■ PROBLEM DETAILS
In the records that follow, show each line where the word "amount" is present.

Saved data entries
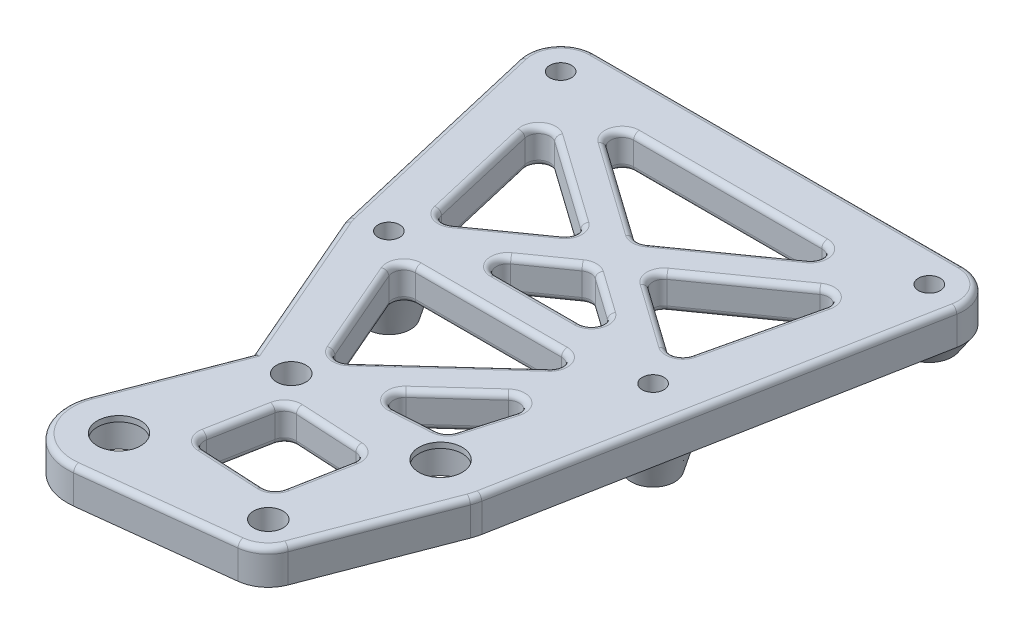
from build123d import *
from OCP.BRepFilletAPI import BRepFilletAPI_MakeChamfer

# Parameters (mm, degrees)
SKETCH1_R           = 4.05
SKETCH1_R_2         = 2.032
BOSS_EXTRUDE1_DEPTH = 4.7625
BOSS_EXTRUDE2_START = -0.7625
SKETCH2_R           = 4.05
SKETCH2_R_2         = 3
BOSS_EXTRUDE2_DEPTH = 0.7625
BOSS_EXTRUDE3_START = -4.7625
SKETCH3_R           = 1.5
BOSS_EXTRUDE3_DEPTH = 4.7625
CUT_EXTRUDE1_DEPTH  = 90.674607785
BOSS_EXTRUDE4_START = 5.5245
SKETCH5_R           = 3
SKETCH5_R_2         = 1.5
BOSS_EXTRUDE4_DEPTH = 5.5245
CHAMFER1_SIZE       = 1.5875
CHAMFER1_SIZE_2     = 5.5245
BOSS_EXTRUDE5_START = 2.3495
SKETCH6_R           = 3.175
SKETCH6_R_2         = 1.5
BOSS_EXTRUDE5_DEPTH = 2.3495
CHAMFER2_SIZE       = 1.5875
CHAMFER2_SIZE_2     = 2.3495
FILLET1_R           = 0.79375


with BuildPart() as part:
    # Sketch1 → Boss-Extrude1 (new body)
    with BuildSketch(Plane(origin=(0, 0, 0), x_dir=(1, 0, 0), z_dir=(0, 1, 0))):
        with BuildLine():
            Line((0.31636852, 20.75684537), (-6.669197219, 2.560268055))
            ThreePointArc((-6.669197219, 2.560268055), (-5.643741686, -4.37965111), (0.824278846, -7.096036108))
            Line((0.824278846, -7.096036108), (21.187019231, -4.730690739))
            ThreePointArc((21.187019231, -4.730690739), (23.557267407, -3.762494457), (25.08363148, -1.70684537))
            Line((25.08363148, -1.70684537), (32.069197219, 16.489731945))
            ThreePointArc((32.069197219, 16.489731945), (31.043741686, 23.42965111), (24.575721154, 26.146036108))
            Line((24.575721154, 26.146036108), (4.212980769, 23.780690739))
            ThreePointArc((4.212980769, 23.780690739), (1.842732593, 22.812494457), (0.31636852, 20.75684537))
        make_face()
        with Locations(Location((0, 0, 0), (0, 0, 90))):
            Circle(SKETCH1_R, mode=Mode.SUBTRACT)
        with Locations(Location((25.4, 19.05, 0), (0, 0, 90))):
            Circle(SKETCH1_R, mode=Mode.SUBTRACT)
        with Locations(Location((20.6375, 0, 0), (0, 0, 90))):
            Circle(SKETCH1_R_2, mode=Mode.SUBTRACT)
        with Locations(Location((4.7625, 19.05, 0), (0, 0, 90))):
            Circle(SKETCH1_R_2, mode=Mode.SUBTRACT)
        with BuildLine():
            Line((7.527921513, 4.190425609), (16.202386897, 3.731925143))
            ThreePointArc((16.202386897, 3.731925143), (17.266640314, 4.068672028), (17.846127168, 5.022731138))
            Line((17.846127168, 5.022731138), (19.348233823, 12.97980626))
            ThreePointArc((19.348233823, 12.97980626), (19.036826198, 14.254748277), (17.872078487, 14.859574391))
            Line((17.872078487, 14.859574391), (9.197613103, 15.318074857))
            ThreePointArc((9.197613103, 15.318074857), (8.133359686, 14.981327972), (7.553872832, 14.027268862))
            Line((7.553872832, 14.027268862), (6.051766177, 6.07019374))
            ThreePointArc((6.051766177, 6.07019374), (6.363173802, 4.795251723), (7.527921513, 4.190425609))
        make_face(mode=Mode.SUBTRACT)
    extrude(amount=BOSS_EXTRUDE1_DEPTH)

    # Sketch2 → Boss-Extrude2 (add)
    # profile 1 of 2: a face of its own
    with BuildSketch(Plane(origin=(0, 4.7625, 0), x_dir=(1, 0, 0), z_dir=(0, 1, 0)).offset(BOSS_EXTRUDE2_START)):
        with Locations(Location((25.4, 19.05, 0), (0, 0, 90))):
            Circle(SKETCH2_R)
        with Locations(Location((25.4, 19.05, 0), (0, 0, 270))):
            Circle(SKETCH2_R_2, mode=Mode.SUBTRACT)
    # profile 2 of 2: a face of its own
    with BuildSketch(Plane(origin=(0, 4.7625, 0), x_dir=(1, 0, 0), z_dir=(0, 1, 0)).offset(BOSS_EXTRUDE2_START)):
        with Locations(Location((0, 0, 0), (0, 0, 90))):
            Circle(SKETCH2_R)
        with Locations(Location((0, 0, 0), (0, 0, 270))):
            Circle(SKETCH2_R_2, mode=Mode.SUBTRACT)
    extrude(amount=BOSS_EXTRUDE2_DEPTH)

    # Sketch3 → Boss-Extrude3 (add)
    with BuildSketch(Plane(origin=(0, 4.7625, 0), x_dir=(1, 0, 0), z_dir=(0, 1, 0)).offset(BOSS_EXTRUDE3_START)):
        with BuildLine():
            Line((-12.77747, 78.58125), (38.17747, 78.58125))
            ThreePointArc((38.17747, 78.58125), (41.844532798, 76.857509071), (42.857079591, 72.934069082))
            Line((42.857079591, 72.934069082), (32.419414386, 17.722978623))
            ThreePointArc((32.419414386, 17.722978623), (30.627992008, 23.918394358), (24.575721154, 26.146036108))
            Line((24.575721154, 26.146036108), (4.212980769, 23.780690739))
            ThreePointArc((4.212980769, 23.780690739), (1.842732593, 22.812494457), (0.31636852, 20.75684537))
            Line((0.31636852, 20.75684537), (-0.380707209, 18.941045064))
            Line((-0.380707209, 18.941045064), (-9.926108666, 40.968894578))
            ThreePointArc((-9.926108666, 40.968894578), (-10.078418748, 41.368714183), (-10.194231912, 41.780589635))
            Line((-10.194231912, 41.780589635), (-17.415451912, 72.736839635))
            ThreePointArc((-17.415451912, 72.736839635), (-16.50801985, 76.779223622), (-12.77747, 78.58125))
        make_face()
        with Locations(Location((30.95625, 42.8625, 0), (0, 0, 270))):
            Circle(SKETCH3_R, mode=Mode.SUBTRACT)
        with Locations(Location((-5.55625, 42.8625, 0), (0, 0, 270))):
            Circle(SKETCH3_R, mode=Mode.SUBTRACT)
        with Locations(Location((-12.77747, 73.81875, 0), (0, 0, 270))):
            Circle(SKETCH3_R, mode=Mode.SUBTRACT)
        with Locations(Location((38.17747, 73.81875, 0), (0, 0, 270))):
            Circle(SKETCH3_R, mode=Mode.SUBTRACT)
    extrude(amount=BOSS_EXTRUDE3_DEPTH)

    # Sketch4 → Cut-Extrude1 (cut, through all)
    with BuildSketch(Plane(origin=(0, 4.7625, 0), x_dir=(1, 0, 0), z_dir=(0, 1, 0))):
        with BuildLine():
            Line((7.265954027, 24.544033316), (21.758522026, 37.719095133))
            ThreePointArc((21.758522026, 37.719095133), (22.171349892, 39.466197224), (20.690653966, 40.48125))
            Line((20.690653966, 40.48125), (0.488892512, 40.48125))
            ThreePointArc((0.488892512, 40.48125), (-0.838169867, 39.764991465), (-0.967727043, 38.262548193))
            Line((-0.967727043, 38.262548193), (4.741466412, 25.087486375))
            ThreePointArc((4.741466412, 25.087486375), (5.863994306, 24.166741337), (7.265954027, 24.544033316))
        make_face()
        with BuildLine():
            Line((14.738460036, 24.900888559), (22.166906001, 31.654021255))
            ThreePointArc((22.166906001, 31.654021255), (24.074740214, 31.826442152), (24.759512766, 30.037406964))
            Line((24.759512766, 30.037406964), (22.904381965, 23.63729514))
            ThreePointArc((22.904381965, 23.63729514), (22.372860572, 22.840837986), (21.479996417, 22.494929631))
            Line((21.479996417, 22.494929631), (15.906681253, 22.14190876))
            ThreePointArc((15.906681253, 22.14190876), (14.34447528, 23.107248561), (14.738460036, 24.900888559))
        make_face()
        with BuildLine():
            Line((6.747808448, 57.080652973), (-5.620427562, 65.835321133))
            ThreePointArc((-5.620427562, 65.835321133), (-7.423462793, 65.856924698), (-8.083593882, 64.178940877))
            Line((-8.083593882, 64.178940877), (-4.577996456, 49.150988495))
            ThreePointArc((-4.577996456, 49.150988495), (-3.595438625, 48.027477054), (-2.114830137, 48.215881816))
            Line((-2.114830137, 48.215881816), (6.747808448, 54.489166039))
            ThreePointArc((6.747808448, 54.489166039), (7.418136099, 55.784909506), (6.747808448, 57.080652973))
        make_face()
        with BuildLine():
            Line((-0.301218919, 71.4375), (25.701218919, 71.4375))
            ThreePointArc((25.701218919, 71.4375), (27.214022443, 70.331229413), (26.618391268, 68.554256533))
            Line((26.618391268, 68.554256533), (13.617172349, 59.351541027))
            ThreePointArc((13.617172349, 59.351541027), (12.7, 59.059784494), (11.782827651, 59.351541027))
            Line((11.782827651, 59.351541027), (-1.218391268, 68.554256533))
            ThreePointArc((-1.218391268, 68.554256533), (-1.814022443, 70.331229413), (-0.301218919, 71.4375))
        make_face()
        with BuildLine():
            Line((6.002828732, 48.126993467), (11.782827651, 52.218277985))
            ThreePointArc((11.782827651, 52.218277985), (12.7, 52.510034518), (13.617172349, 52.218277985))
            Line((13.617172349, 52.218277985), (19.397171268, 48.126993467))
            ThreePointArc((19.397171268, 48.126993467), (19.992802443, 46.350020587), (18.479998919, 45.24375))
            Line((18.479998919, 45.24375), (6.920001081, 45.24375))
            ThreePointArc((6.920001081, 45.24375), (5.407197557, 46.350020587), (6.002828732, 48.126993467))
        make_face()
        with BuildLine():
            Line((18.652191552, 57.080652973), (31.020427562, 65.835321133))
            ThreePointArc((31.020427562, 65.835321133), (32.823462793, 65.856924698), (33.483593882, 64.178940877))
            Line((33.483593882, 64.178940877), (29.977996456, 49.150988495))
            ThreePointArc((29.977996456, 49.150988495), (28.995438625, 48.027477054), (27.514830137, 48.215881816))
            Line((27.514830137, 48.215881816), (18.652191552, 54.489166039))
            ThreePointArc((18.652191552, 54.489166039), (17.981863901, 55.784909506), (18.652191552, 57.080652973))
        make_face()
    extrude(amount=-CUT_EXTRUDE1_DEPTH, mode=Mode.SUBTRACT)

    # Sketch5 → Boss-Extrude4 (add)
    # profile 1 of 2: a face of its own
    with BuildSketch(Plane.XZ.offset(BOSS_EXTRUDE4_START)):
        with Locations(Location((-5.55625, -42.8625, 0), (0, 0, 90))):
            Circle(SKETCH5_R)
        with Locations(Location((-5.55625, -42.8625, 0), (0, 0, 90))):
            Circle(SKETCH5_R_2, mode=Mode.SUBTRACT)
    # profile 2 of 2: a face of its own
    with BuildSketch(Plane.XZ.offset(BOSS_EXTRUDE4_START)):
        with Locations(Location((30.95625, -42.8625, 0), (0, 0, 90))):
            Circle(SKETCH5_R)
        with Locations(Location((30.95625, -42.8625, 0), (0, 0, 90))):
            Circle(SKETCH5_R_2, mode=Mode.SUBTRACT)
    extrude(amount=-BOSS_EXTRUDE4_DEPTH)

    # Chamfer1
    chamfer1_edges_1 = [part.edges().sort_by_distance(p)[0] for p in [
        (30.95625, 0, -45.8625),
    ]]
    chamfer1_side_1 = [part.faces().sort_by_distance(p)[0] for p in [
        (30.95625, 0, -45.89425),
    ]]
    chamfer1_edges_2 = [part.edges().sort_by_distance(p)[0] for p in [
        (-5.55625, 0, -45.8625),
    ]]
    chamfer1_side_2 = [part.faces().sort_by_distance(p)[0] for p in [
        (-5.55625, 0, -45.89425),
    ]]
    chamfer1 = BRepFilletAPI_MakeChamfer(part.part.solid().wrapped)
    for e in chamfer1_edges_1:
        chamfer1.Add(CHAMFER1_SIZE - 0.0001, CHAMFER1_SIZE_2 - 0.0001, e.wrapped, chamfer1_side_1[0].wrapped)
    for e in chamfer1_edges_2:
        chamfer1.Add(CHAMFER1_SIZE - 0.0001, CHAMFER1_SIZE_2 - 0.0001, e.wrapped, chamfer1_side_2[0].wrapped)
    add(Compound.cast(chamfer1.Shape()), mode=Mode.REPLACE)  # a hair under: the kernel refuses the full size

    # Sketch6 → Boss-Extrude5 (add)
    # profile 1 of 2: a face of its own
    with BuildSketch(Plane.XZ.offset(BOSS_EXTRUDE5_START)):
        with Locations(Location((-12.77747, -73.81875, 0), (0, 0, 90))):
            Circle(SKETCH6_R)
        with Locations(Location((-12.77747, -73.81875, 0), (0, 0, 90))):
            Circle(SKETCH6_R_2, mode=Mode.SUBTRACT)
    # profile 2 of 2: a face of its own
    with BuildSketch(Plane.XZ.offset(BOSS_EXTRUDE5_START)):
        with Locations(Location((38.17747, -73.81875, 0), (0, 0, 90))):
            Circle(SKETCH6_R)
        with Locations(Location((38.17747, -73.81875, 0), (0, 0, 90))):
            Circle(SKETCH6_R_2, mode=Mode.SUBTRACT)
    extrude(amount=-BOSS_EXTRUDE5_DEPTH)

    # Chamfer2
    chamfer2_edges_1 = [part.edges().sort_by_distance(p)[0] for p in [
        (38.17747, 0, -76.99375),
    ]]
    chamfer2_side_1 = [part.faces().sort_by_distance(p)[0] for p in [
        (38.17747, 0, -77.0255),
    ]]
    chamfer2_edges_2 = [part.edges().sort_by_distance(p)[0] for p in [
        (-12.77747, 0, -76.99375),
    ]]
    chamfer2_side_2 = [part.faces().sort_by_distance(p)[0] for p in [
        (-12.77747, 0, -77.0255),
    ]]
    chamfer2 = BRepFilletAPI_MakeChamfer(part.part.solid().wrapped)
    for e in chamfer2_edges_1:
        chamfer2.Add(CHAMFER2_SIZE - 0.0001, CHAMFER2_SIZE_2 - 0.0001, e.wrapped, chamfer2_side_1[0].wrapped)
    for e in chamfer2_edges_2:
        chamfer2.Add(CHAMFER2_SIZE - 0.0001, CHAMFER2_SIZE_2 - 0.0001, e.wrapped, chamfer2_side_2[0].wrapped)
    add(Compound.cast(chamfer2.Shape()), mode=Mode.REPLACE)  # a hair under: the kernel refuses the full size

    # Fillet1
    fillet1_edges = [part.edges().sort_by_distance(p)[0] for p in [
        (-5.643741686, 4.7625, 4.37965111),
        (28.995438625, 0, -48.027477054),
        (23.083510844, 0, -51.352523928),
        (17.981863901, 0, -55.784909506),
        (24.836309557, 0, -61.457987053),
        (32.823462793, 0, -65.856924698),
        (31.730795169, 0, -56.664964686),
        (28.995438625, 4.7625, -48.027477054),
        (31.730795169, 4.7625, -56.664964686),
        (32.823462793, 4.7625, -65.856924698),
        (24.836309557, 4.7625, -61.457987053),
        (17.981863901, 4.7625, -55.784909506),
        (23.083510844, 4.7625, -51.352523928),
        (11.005649038, 4.7625, 5.913363423),
        (27.214022443, 0, -70.331229413),
        (20.117781809, 0, -63.95289878),
        (12.7, 0, -59.059784494),
        (5.282218191, 0, -63.95289878),
        (-1.814022443, 0, -70.331229413),
        (12.7, 0, -71.4375),
        (27.214022443, 4.7625, -70.331229413),
        (12.7, 4.7625, -71.4375),
        (-1.814022443, 4.7625, -70.331229413),
        (5.282218191, 4.7625, -63.95289878),
        (12.7, 4.7625, -59.059784494),
        (20.117781809, 4.7625, -63.95289878),
        (5.407197557, 0, -46.350020587),
        (8.892828191, 0, -50.172635726),
        (12.7, 0, -52.510034518),
        (16.507171809, 0, -50.172635726),
        (19.992802443, 0, -46.350020587),
        (12.7, 0, -45.24375),
        (5.407197557, 4.7625, -46.350020587),
        (12.7, 4.7625, -45.24375),
        (19.992802443, 4.7625, -46.350020587),
        (16.507171809, 4.7625, -50.172635726),
        (12.7, 4.7625, -52.510034518),
        (8.892828191, 4.7625, -50.172635726),
        (14.34447528, 0, -23.107248561),
        (18.452683018, 0, -28.277454907),
        (24.074740214, 0, -31.826442152),
        (23.831947365, 0, -26.837351052),
        (22.372860572, 0, -22.840837986),
        (18.693338835, 0, -22.318419195),
        (14.34447528, 4.7625, -23.107248561),
        (18.693338835, 4.7625, -22.318419195),
        (22.372860572, 4.7625, -22.840837986),
        (23.831947365, 4.7625, -26.837351052),
        (24.074740214, 4.7625, -31.826442152),
        (18.452683018, 4.7625, -28.277454907),
        (7.418136099, 0, -55.784909506),
        (2.316489156, 0, -51.352523928),
        (-3.595438625, 0, -48.027477054),
        (-6.330795169, 0, -56.664964686),
        (-7.423462793, 0, -65.856924698),
        (0.563690443, 0, -61.457987053),
        (7.418136099, 4.7625, -55.784909506),
        (0.563690443, 4.7625, -61.457987053),
        (-7.423462793, 4.7625, -65.856924698),
        (-6.330795169, 4.7625, -56.664964686),
        (-3.595438625, 4.7625, -48.027477054),
        (2.316489156, 4.7625, -51.352523928),
        (5.863994306, 0, -24.166741337),
        (1.886869684, 0, -31.675017284),
        (-0.838169867, 0, -39.764991465),
        (10.589773239, 0, -40.48125),
        (22.171349892, 0, -39.466197224),
        (14.512238027, 0, -31.131564225),
        (5.863994306, 4.7625, -24.166741337),
        (14.512238027, 4.7625, -31.131564225),
        (22.171349892, 4.7625, -39.466197224),
        (10.589773239, 4.7625, -40.48125),
        (-0.838169867, 4.7625, -39.764991465),
        (1.886869684, 4.7625, -31.675017284),
        (23.557267407, 4.7625, 3.762494457),
        (28.576414349, 4.7625, -7.391443288),
        (32.272026358, 4.7625, -17.098483206),
        (6.363173802, 0, -4.795251723),
        (11.865154205, 0, -3.961175376),
        (17.266640314, 0, -4.068672028),
        (18.597180496, 0, -9.001268699),
        (19.036826198, 0, -14.254748277),
        (13.534845795, 0, -15.088824624),
        (8.133359686, 0, -14.981327972),
        (6.802819504, 0, -10.048731301),
        (6.363173802, 4.7625, -4.795251723),
        (11.865154205, 4.7625, -3.961175376),
        (17.266640314, 4.7625, -4.068672028),
        (18.597180496, 4.7625, -9.001268699),
        (19.036826198, 4.7625, -14.254748277),
        (13.534845795, 4.7625, -15.088824624),
        (8.133359686, 4.7625, -14.981327972),
        (6.802819504, 4.7625, -10.048731301),
        (-3.524952214, 4.7625, -10.750656559),
        (37.638246989, 4.7625, -45.328523852),
        (41.844532798, 4.7625, -76.857509071),
        (12.7, 4.7625, -78.58125),
        (-16.50801985, 4.7625, -76.779223622),
        (-13.804841912, 4.7625, -57.258714635),
        (-10.078418748, 4.7625, -41.368714183),
        (-5.153407937, 4.7625, -29.954969821),
    ]]
    fillet(fillet1_edges, radius=FILLET1_R)


solid = part.part

■ RESULT FOR THIS TASK
    extrude(amount=BOSS_EXTRUDE1_DEPTH)
    extrude(amount=BOSS_EXTRUDE2_DEPTH)
    extrude(amount=BOSS_EXTRUDE3_DEPTH)
    extrude(amount=-CUT_EXTRUDE1_DEPTH, mode=Mode.SUBTRACT)
    extrude(amount=-BOSS_EXTRUDE4_DEPTH)
    extrude(amount=-BOSS_EXTRUDE5_DEPTH)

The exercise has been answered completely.